Recorded information -
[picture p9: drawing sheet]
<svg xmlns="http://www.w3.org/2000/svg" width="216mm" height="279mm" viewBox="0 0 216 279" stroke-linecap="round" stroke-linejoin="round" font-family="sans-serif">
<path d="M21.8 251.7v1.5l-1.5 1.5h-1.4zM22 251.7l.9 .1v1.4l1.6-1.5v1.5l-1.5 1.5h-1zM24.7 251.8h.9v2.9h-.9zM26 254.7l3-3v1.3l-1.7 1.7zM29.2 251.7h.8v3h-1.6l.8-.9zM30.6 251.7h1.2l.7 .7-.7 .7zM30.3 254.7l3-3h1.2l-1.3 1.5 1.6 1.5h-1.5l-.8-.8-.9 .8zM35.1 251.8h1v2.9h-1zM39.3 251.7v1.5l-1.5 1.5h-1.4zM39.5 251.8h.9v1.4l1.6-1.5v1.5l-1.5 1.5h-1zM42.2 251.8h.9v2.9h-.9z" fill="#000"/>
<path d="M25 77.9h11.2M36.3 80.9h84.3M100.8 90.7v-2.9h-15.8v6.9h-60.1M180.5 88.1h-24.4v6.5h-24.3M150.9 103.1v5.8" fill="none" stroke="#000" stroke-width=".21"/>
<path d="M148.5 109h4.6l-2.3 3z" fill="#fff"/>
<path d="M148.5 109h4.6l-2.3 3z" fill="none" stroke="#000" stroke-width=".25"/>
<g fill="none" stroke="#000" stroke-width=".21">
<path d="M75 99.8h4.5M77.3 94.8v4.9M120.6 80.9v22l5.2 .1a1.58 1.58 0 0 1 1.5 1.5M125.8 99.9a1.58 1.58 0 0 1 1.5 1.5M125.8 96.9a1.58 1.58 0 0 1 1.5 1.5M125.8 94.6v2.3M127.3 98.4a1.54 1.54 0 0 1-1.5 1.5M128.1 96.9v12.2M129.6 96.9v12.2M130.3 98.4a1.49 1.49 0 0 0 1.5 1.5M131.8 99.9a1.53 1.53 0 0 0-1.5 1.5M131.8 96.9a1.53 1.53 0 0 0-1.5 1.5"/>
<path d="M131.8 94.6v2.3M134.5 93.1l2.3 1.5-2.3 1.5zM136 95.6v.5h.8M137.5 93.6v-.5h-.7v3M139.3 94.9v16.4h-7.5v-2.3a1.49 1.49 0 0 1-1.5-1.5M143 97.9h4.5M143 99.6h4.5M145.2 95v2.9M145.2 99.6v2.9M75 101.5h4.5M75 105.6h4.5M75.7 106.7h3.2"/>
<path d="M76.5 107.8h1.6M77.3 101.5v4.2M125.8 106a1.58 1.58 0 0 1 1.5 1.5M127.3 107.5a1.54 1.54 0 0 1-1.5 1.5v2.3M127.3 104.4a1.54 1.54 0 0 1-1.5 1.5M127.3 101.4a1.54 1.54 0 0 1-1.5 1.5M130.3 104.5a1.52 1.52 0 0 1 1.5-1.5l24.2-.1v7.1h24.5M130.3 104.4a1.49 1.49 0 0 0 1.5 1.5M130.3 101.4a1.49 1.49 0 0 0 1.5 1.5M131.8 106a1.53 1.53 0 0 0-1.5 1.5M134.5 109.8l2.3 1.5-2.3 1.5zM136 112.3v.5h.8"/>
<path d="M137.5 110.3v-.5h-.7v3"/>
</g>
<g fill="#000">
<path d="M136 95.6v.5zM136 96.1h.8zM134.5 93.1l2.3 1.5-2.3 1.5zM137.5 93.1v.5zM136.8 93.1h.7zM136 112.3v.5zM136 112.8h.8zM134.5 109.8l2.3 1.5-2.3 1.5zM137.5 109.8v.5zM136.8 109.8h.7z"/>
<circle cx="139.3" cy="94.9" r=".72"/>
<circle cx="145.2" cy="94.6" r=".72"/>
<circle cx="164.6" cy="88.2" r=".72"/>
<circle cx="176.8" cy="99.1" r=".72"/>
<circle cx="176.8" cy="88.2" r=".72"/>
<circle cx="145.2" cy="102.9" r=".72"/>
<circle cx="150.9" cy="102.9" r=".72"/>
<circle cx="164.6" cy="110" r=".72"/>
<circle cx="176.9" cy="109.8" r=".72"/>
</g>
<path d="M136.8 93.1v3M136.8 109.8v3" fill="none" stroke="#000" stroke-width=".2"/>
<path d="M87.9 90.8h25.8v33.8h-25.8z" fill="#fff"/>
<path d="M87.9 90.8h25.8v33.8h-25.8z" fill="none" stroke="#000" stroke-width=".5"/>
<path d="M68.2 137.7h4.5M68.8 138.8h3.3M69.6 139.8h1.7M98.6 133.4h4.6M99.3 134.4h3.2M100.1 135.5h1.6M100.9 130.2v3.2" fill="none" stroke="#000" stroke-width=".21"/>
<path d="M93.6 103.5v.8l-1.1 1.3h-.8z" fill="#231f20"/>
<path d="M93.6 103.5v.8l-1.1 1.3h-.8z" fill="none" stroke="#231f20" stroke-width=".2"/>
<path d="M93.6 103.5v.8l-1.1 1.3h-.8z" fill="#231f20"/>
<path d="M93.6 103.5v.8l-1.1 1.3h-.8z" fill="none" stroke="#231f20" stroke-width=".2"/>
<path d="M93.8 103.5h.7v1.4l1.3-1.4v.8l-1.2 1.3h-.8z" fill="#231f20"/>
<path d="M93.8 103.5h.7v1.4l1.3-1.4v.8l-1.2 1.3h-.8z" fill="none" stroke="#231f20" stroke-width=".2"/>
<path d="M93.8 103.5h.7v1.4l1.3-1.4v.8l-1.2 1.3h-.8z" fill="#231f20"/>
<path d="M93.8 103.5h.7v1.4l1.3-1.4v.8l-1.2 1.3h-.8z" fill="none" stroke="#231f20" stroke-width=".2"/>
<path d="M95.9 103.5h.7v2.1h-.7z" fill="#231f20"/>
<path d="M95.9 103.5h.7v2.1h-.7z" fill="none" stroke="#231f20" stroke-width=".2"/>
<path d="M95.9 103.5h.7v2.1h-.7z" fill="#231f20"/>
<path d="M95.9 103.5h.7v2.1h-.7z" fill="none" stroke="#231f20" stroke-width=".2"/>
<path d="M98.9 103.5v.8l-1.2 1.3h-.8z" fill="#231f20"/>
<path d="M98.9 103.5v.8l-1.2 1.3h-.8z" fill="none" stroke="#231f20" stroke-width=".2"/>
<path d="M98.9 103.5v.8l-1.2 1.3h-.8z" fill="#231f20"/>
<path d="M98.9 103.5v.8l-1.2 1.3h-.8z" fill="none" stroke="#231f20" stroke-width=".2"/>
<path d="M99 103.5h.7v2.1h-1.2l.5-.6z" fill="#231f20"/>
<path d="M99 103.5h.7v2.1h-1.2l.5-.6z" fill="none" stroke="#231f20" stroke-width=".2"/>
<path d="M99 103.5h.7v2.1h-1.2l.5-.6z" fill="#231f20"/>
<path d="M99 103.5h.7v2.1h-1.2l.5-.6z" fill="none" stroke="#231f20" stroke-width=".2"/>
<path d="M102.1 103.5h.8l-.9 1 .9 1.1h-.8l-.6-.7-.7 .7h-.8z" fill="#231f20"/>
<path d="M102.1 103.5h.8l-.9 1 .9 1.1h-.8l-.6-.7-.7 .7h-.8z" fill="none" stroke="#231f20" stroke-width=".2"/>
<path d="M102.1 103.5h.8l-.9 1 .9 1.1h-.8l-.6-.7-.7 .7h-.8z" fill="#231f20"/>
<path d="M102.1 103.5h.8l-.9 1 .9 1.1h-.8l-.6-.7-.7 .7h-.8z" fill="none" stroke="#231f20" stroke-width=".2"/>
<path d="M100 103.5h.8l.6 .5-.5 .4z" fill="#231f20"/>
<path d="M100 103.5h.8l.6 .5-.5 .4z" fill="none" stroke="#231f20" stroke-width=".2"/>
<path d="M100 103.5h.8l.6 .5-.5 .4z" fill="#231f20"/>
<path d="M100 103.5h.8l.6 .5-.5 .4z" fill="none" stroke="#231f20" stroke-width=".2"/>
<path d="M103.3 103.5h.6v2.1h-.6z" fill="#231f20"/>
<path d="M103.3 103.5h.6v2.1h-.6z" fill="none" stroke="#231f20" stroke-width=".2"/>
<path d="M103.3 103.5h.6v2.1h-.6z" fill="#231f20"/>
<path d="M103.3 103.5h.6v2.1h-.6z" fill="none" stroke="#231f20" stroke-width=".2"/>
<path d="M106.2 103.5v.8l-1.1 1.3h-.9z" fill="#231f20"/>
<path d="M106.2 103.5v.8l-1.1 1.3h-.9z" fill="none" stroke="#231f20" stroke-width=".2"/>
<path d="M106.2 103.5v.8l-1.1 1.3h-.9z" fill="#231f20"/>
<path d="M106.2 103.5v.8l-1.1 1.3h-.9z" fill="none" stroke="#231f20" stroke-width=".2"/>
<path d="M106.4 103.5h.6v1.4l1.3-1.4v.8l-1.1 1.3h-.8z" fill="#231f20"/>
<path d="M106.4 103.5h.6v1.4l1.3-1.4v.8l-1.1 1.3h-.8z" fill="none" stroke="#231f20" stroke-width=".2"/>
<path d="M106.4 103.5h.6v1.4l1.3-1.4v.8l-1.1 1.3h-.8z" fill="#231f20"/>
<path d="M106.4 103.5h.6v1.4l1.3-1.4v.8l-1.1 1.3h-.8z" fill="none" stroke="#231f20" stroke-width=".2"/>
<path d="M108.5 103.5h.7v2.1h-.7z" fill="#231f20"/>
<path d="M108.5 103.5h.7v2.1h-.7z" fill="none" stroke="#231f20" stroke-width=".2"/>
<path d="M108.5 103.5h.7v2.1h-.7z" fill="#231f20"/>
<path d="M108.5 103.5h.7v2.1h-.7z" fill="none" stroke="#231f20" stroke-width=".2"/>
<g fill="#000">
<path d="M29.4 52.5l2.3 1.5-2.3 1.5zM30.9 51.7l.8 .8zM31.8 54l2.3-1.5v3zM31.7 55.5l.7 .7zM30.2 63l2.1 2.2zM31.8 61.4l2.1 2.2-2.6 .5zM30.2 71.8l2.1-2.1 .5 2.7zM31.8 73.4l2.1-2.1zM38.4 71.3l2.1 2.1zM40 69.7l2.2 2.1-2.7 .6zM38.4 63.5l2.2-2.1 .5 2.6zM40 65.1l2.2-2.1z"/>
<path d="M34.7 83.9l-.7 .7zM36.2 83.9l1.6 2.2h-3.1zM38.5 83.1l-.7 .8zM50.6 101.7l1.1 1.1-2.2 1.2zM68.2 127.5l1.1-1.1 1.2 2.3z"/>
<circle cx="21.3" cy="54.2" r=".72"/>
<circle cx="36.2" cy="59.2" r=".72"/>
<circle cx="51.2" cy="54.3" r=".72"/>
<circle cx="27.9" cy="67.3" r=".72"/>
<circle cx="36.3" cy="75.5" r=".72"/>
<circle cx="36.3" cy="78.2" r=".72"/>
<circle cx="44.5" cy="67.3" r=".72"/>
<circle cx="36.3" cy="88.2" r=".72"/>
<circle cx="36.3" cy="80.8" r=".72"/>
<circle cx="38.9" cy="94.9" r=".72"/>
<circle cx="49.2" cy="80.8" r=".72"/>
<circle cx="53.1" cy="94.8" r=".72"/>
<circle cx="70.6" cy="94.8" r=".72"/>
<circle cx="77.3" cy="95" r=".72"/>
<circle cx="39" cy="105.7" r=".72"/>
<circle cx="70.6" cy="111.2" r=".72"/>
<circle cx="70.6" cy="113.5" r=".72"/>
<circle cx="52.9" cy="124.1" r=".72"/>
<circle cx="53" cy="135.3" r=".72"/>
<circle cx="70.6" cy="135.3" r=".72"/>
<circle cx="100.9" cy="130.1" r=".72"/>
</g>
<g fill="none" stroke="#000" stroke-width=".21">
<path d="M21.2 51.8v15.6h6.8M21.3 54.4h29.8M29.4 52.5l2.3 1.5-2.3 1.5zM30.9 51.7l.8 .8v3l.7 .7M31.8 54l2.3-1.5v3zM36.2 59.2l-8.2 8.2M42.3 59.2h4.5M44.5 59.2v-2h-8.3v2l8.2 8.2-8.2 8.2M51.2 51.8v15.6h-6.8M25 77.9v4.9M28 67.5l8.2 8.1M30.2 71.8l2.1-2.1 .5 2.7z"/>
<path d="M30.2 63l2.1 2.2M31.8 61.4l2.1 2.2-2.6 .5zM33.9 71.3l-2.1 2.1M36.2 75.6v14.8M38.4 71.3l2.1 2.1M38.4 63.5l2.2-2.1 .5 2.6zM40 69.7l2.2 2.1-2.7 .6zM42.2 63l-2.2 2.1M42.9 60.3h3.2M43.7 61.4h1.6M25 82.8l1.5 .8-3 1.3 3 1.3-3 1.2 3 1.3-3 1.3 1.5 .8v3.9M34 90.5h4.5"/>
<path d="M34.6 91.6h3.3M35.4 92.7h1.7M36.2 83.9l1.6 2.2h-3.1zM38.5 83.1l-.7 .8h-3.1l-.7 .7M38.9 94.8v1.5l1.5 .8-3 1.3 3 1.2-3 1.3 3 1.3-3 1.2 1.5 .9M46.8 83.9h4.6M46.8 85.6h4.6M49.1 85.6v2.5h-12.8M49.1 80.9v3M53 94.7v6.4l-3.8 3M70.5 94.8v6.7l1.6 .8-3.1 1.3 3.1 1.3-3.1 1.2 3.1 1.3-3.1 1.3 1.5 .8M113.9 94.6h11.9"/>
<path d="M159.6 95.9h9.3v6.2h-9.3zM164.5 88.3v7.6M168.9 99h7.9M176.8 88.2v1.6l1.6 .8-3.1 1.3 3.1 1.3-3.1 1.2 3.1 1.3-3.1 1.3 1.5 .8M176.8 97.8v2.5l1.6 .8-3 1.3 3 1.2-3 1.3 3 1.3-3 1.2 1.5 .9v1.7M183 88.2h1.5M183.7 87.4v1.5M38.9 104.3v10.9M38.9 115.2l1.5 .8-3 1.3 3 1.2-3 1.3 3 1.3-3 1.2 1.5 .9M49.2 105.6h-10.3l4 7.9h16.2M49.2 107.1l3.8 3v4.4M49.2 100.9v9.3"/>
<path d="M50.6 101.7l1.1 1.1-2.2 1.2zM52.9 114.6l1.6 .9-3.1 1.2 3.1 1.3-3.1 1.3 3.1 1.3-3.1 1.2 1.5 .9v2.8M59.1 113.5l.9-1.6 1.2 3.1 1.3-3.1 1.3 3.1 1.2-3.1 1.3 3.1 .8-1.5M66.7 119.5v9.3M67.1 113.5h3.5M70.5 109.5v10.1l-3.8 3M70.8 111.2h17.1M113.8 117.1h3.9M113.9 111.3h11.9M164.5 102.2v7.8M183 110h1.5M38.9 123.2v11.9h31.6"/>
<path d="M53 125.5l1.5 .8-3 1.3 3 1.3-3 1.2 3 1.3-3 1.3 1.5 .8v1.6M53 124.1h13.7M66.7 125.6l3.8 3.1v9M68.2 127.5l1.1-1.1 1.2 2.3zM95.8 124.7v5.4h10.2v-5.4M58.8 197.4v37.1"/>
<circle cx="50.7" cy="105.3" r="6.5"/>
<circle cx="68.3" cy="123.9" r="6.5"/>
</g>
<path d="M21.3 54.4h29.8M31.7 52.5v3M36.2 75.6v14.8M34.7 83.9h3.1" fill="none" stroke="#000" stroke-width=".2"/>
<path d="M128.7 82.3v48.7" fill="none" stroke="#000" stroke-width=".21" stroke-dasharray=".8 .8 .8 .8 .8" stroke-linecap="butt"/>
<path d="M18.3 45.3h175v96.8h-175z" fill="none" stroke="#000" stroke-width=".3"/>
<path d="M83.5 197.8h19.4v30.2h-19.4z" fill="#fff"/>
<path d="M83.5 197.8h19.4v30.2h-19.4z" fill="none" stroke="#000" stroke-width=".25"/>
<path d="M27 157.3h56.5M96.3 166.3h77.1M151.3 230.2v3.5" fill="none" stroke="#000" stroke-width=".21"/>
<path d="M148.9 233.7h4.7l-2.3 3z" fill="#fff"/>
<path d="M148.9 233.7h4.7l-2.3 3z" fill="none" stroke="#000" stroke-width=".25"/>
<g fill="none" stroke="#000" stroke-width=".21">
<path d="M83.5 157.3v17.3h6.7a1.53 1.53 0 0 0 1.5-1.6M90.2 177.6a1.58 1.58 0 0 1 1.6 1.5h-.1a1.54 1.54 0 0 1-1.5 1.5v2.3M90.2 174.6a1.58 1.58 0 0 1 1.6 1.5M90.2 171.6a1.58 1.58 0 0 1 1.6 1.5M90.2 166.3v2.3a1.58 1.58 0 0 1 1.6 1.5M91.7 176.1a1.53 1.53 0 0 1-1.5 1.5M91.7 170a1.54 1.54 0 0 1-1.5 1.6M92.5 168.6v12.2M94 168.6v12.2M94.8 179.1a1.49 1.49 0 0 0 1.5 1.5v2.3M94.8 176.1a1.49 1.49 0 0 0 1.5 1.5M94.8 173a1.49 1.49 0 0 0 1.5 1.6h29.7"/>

Problem requirements - The answer is each line in which the word "linecap" occurs, copied from the material above.

Completed exercise -
<svg xmlns="http://www.w3.org/2000/svg" width="216mm" height="279mm" viewBox="0 0 216 279" stroke-linecap="round" stroke-linejoin="round" font-family="sans-serif">
<path d="M128.7 82.3v48.7" fill="none" stroke="#000" stroke-width=".21" stroke-dasharray=".8 .8 .8 .8 .8" stroke-linecap="butt"/>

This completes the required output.